### Exercise directions
Take the whole listing and reproduce it exactly, pictures excepted.

START Source information

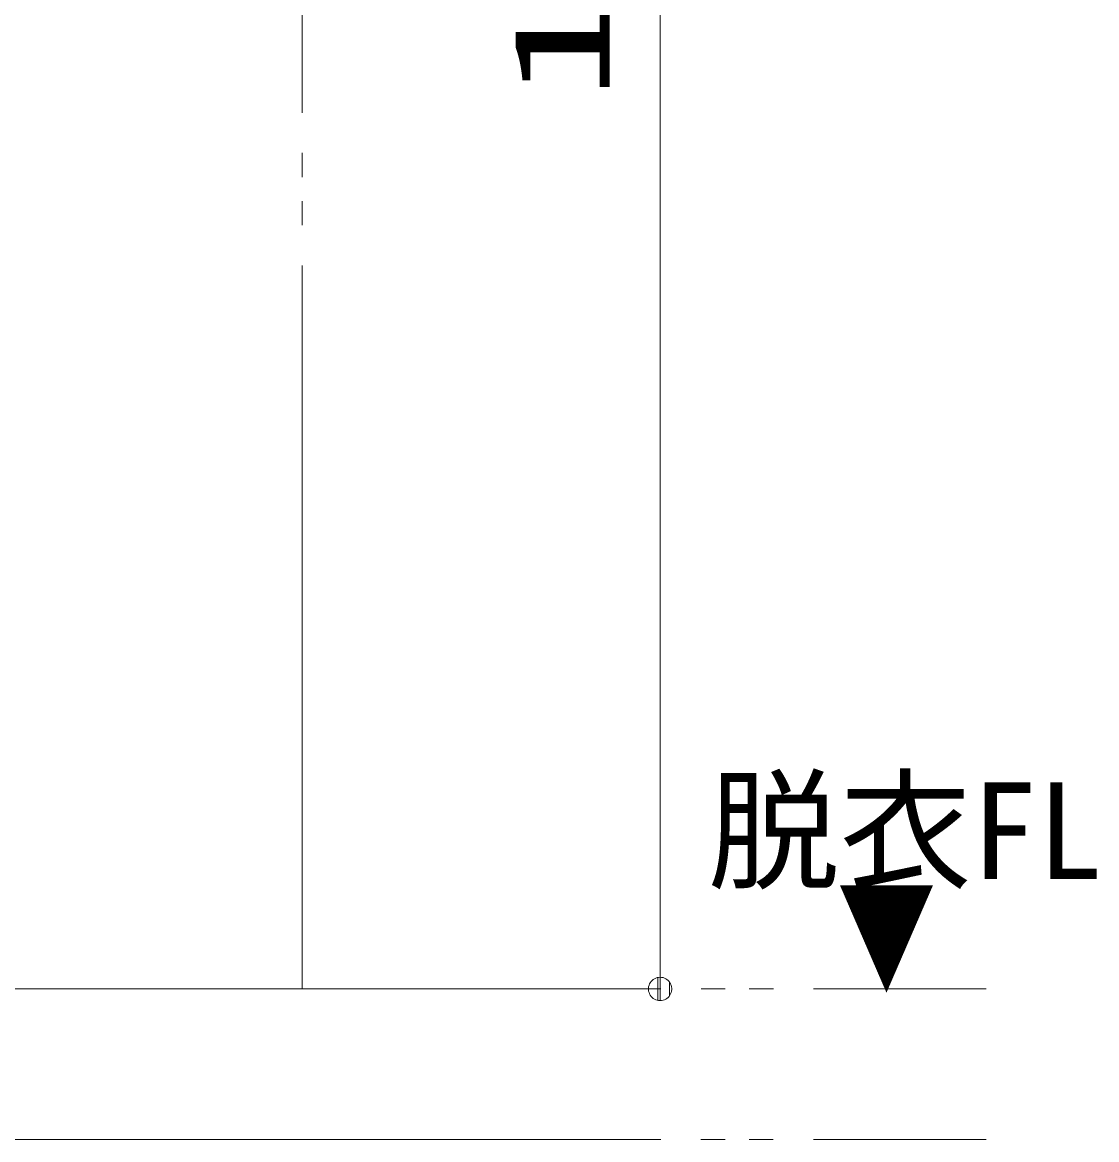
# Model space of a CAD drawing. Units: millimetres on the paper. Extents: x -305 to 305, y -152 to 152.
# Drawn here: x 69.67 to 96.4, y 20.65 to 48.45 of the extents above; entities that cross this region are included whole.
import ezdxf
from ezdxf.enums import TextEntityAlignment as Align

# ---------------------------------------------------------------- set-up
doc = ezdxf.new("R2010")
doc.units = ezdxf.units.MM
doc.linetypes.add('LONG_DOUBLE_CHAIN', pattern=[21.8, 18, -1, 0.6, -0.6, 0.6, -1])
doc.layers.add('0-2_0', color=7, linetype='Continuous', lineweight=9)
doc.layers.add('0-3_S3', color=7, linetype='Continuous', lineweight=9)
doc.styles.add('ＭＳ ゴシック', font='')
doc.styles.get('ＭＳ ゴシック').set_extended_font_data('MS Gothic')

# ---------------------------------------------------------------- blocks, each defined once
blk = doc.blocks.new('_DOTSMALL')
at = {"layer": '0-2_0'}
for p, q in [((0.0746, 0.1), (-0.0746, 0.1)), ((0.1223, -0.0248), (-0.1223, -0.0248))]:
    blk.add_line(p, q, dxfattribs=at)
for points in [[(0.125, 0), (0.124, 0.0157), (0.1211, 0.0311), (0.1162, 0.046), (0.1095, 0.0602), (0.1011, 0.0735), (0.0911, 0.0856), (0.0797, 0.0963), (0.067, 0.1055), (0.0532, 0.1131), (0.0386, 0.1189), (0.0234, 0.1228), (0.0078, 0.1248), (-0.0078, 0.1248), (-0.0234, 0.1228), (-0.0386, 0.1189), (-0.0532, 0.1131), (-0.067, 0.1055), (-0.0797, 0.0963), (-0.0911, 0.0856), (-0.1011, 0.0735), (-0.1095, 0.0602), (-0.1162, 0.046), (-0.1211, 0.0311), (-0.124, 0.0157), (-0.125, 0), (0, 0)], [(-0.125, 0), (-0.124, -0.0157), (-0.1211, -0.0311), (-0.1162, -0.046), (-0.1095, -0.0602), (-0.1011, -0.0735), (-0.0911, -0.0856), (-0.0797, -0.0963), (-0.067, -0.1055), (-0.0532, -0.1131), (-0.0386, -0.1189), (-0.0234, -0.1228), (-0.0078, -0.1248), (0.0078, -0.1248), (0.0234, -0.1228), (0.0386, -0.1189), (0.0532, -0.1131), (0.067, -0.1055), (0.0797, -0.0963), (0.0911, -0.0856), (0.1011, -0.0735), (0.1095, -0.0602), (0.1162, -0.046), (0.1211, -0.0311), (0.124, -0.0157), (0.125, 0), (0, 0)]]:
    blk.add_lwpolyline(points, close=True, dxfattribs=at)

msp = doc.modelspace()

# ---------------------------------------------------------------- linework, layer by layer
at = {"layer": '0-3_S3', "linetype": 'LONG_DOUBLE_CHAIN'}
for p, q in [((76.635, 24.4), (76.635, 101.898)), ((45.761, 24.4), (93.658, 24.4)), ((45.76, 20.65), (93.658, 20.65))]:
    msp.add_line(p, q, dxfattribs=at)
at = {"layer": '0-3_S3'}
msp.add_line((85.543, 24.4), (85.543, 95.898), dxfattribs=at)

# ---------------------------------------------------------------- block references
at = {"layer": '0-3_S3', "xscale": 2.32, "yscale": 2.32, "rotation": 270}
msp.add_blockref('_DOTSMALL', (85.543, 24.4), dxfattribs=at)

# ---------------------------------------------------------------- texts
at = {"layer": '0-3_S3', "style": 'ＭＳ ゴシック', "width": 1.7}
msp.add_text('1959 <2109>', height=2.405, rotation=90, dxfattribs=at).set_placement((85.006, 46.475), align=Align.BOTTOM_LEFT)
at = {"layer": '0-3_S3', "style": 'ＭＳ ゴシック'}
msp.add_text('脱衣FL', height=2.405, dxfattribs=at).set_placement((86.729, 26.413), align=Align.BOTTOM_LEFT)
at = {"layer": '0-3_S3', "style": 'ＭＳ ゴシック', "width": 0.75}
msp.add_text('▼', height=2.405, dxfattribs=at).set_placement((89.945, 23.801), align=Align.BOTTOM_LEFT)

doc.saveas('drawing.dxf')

END Source information

### Worked solution
# Model space of a CAD drawing. Units: millimetres on the paper. Extents: x -305 to 305, y -152 to 152.
# Drawn here: x 69.67 to 96.4, y 20.65 to 48.45 of the extents above; entities that cross this region are included whole.
import ezdxf
from ezdxf.enums import TextEntityAlignment as Align

# ---------------------------------------------------------------- set-up
doc = ezdxf.new("R2010")
doc.units = ezdxf.units.MM
doc.linetypes.add('LONG_DOUBLE_CHAIN', pattern=[21.8, 18, -1, 0.6, -0.6, 0.6, -1])
doc.layers.add('0-2_0', color=7, linetype='Continuous', lineweight=9)
doc.layers.add('0-3_S3', color=7, linetype='Continuous', lineweight=9)
doc.styles.add('ＭＳ ゴシック', font='')
doc.styles.get('ＭＳ ゴシック').set_extended_font_data('MS Gothic')

# ---------------------------------------------------------------- blocks, each defined once
blk = doc.blocks.new('_DOTSMALL')
at = {"layer": '0-2_0'}
for p, q in [((0.0746, 0.1), (-0.0746, 0.1)), ((0.1223, -0.0248), (-0.1223, -0.0248))]:
    blk.add_line(p, q, dxfattribs=at)
for points in [[(0.125, 0), (0.124, 0.0157), (0.1211, 0.0311), (0.1162, 0.046), (0.1095, 0.0602), (0.1011, 0.0735), (0.0911, 0.0856), (0.0797, 0.0963), (0.067, 0.1055), (0.0532, 0.1131), (0.0386, 0.1189), (0.0234, 0.1228), (0.0078, 0.1248), (-0.0078, 0.1248), (-0.0234, 0.1228), (-0.0386, 0.1189), (-0.0532, 0.1131), (-0.067, 0.1055), (-0.0797, 0.0963), (-0.0911, 0.0856), (-0.1011, 0.0735), (-0.1095, 0.0602), (-0.1162, 0.046), (-0.1211, 0.0311), (-0.124, 0.0157), (-0.125, 0), (0, 0)], [(-0.125, 0), (-0.124, -0.0157), (-0.1211, -0.0311), (-0.1162, -0.046), (-0.1095, -0.0602), (-0.1011, -0.0735), (-0.0911, -0.0856), (-0.0797, -0.0963), (-0.067, -0.1055), (-0.0532, -0.1131), (-0.0386, -0.1189), (-0.0234, -0.1228), (-0.0078, -0.1248), (0.0078, -0.1248), (0.0234, -0.1228), (0.0386, -0.1189), (0.0532, -0.1131), (0.067, -0.1055), (0.0797, -0.0963), (0.0911, -0.0856), (0.1011, -0.0735), (0.1095, -0.0602), (0.1162, -0.046), (0.1211, -0.0311), (0.124, -0.0157), (0.125, 0), (0, 0)]]:
    blk.add_lwpolyline(points, close=True, dxfattribs=at)

msp = doc.modelspace()

# ---------------------------------------------------------------- linework, layer by layer
at = {"layer": '0-3_S3', "linetype": 'LONG_DOUBLE_CHAIN'}
for p, q in [((76.635, 24.4), (76.635, 101.898)), ((45.761, 24.4), (93.658, 24.4)), ((45.76, 20.65), (93.658, 20.65))]:
    msp.add_line(p, q, dxfattribs=at)
at = {"layer": '0-3_S3'}
msp.add_line((85.543, 24.4), (85.543, 95.898), dxfattribs=at)

# ---------------------------------------------------------------- block references
at = {"layer": '0-3_S3', "xscale": 2.32, "yscale": 2.32, "rotation": 270}
msp.add_blockref('_DOTSMALL', (85.543, 24.4), dxfattribs=at)

# ---------------------------------------------------------------- texts
at = {"layer": '0-3_S3', "style": 'ＭＳ ゴシック', "width": 1.7}
msp.add_text('1959 <2109>', height=2.405, rotation=90, dxfattribs=at).set_placement((85.006, 46.475), align=Align.BOTTOM_LEFT)
at = {"layer": '0-3_S3', "style": 'ＭＳ ゴシック'}
msp.add_text('脱衣FL', height=2.405, dxfattribs=at).set_placement((86.729, 26.413), align=Align.BOTTOM_LEFT)
at = {"layer": '0-3_S3', "style": 'ＭＳ ゴシック', "width": 0.75}
msp.add_text('▼', height=2.405, dxfattribs=at).set_placement((89.945, 23.801), align=Align.BOTTOM_LEFT)

doc.saveas('drawing.dxf')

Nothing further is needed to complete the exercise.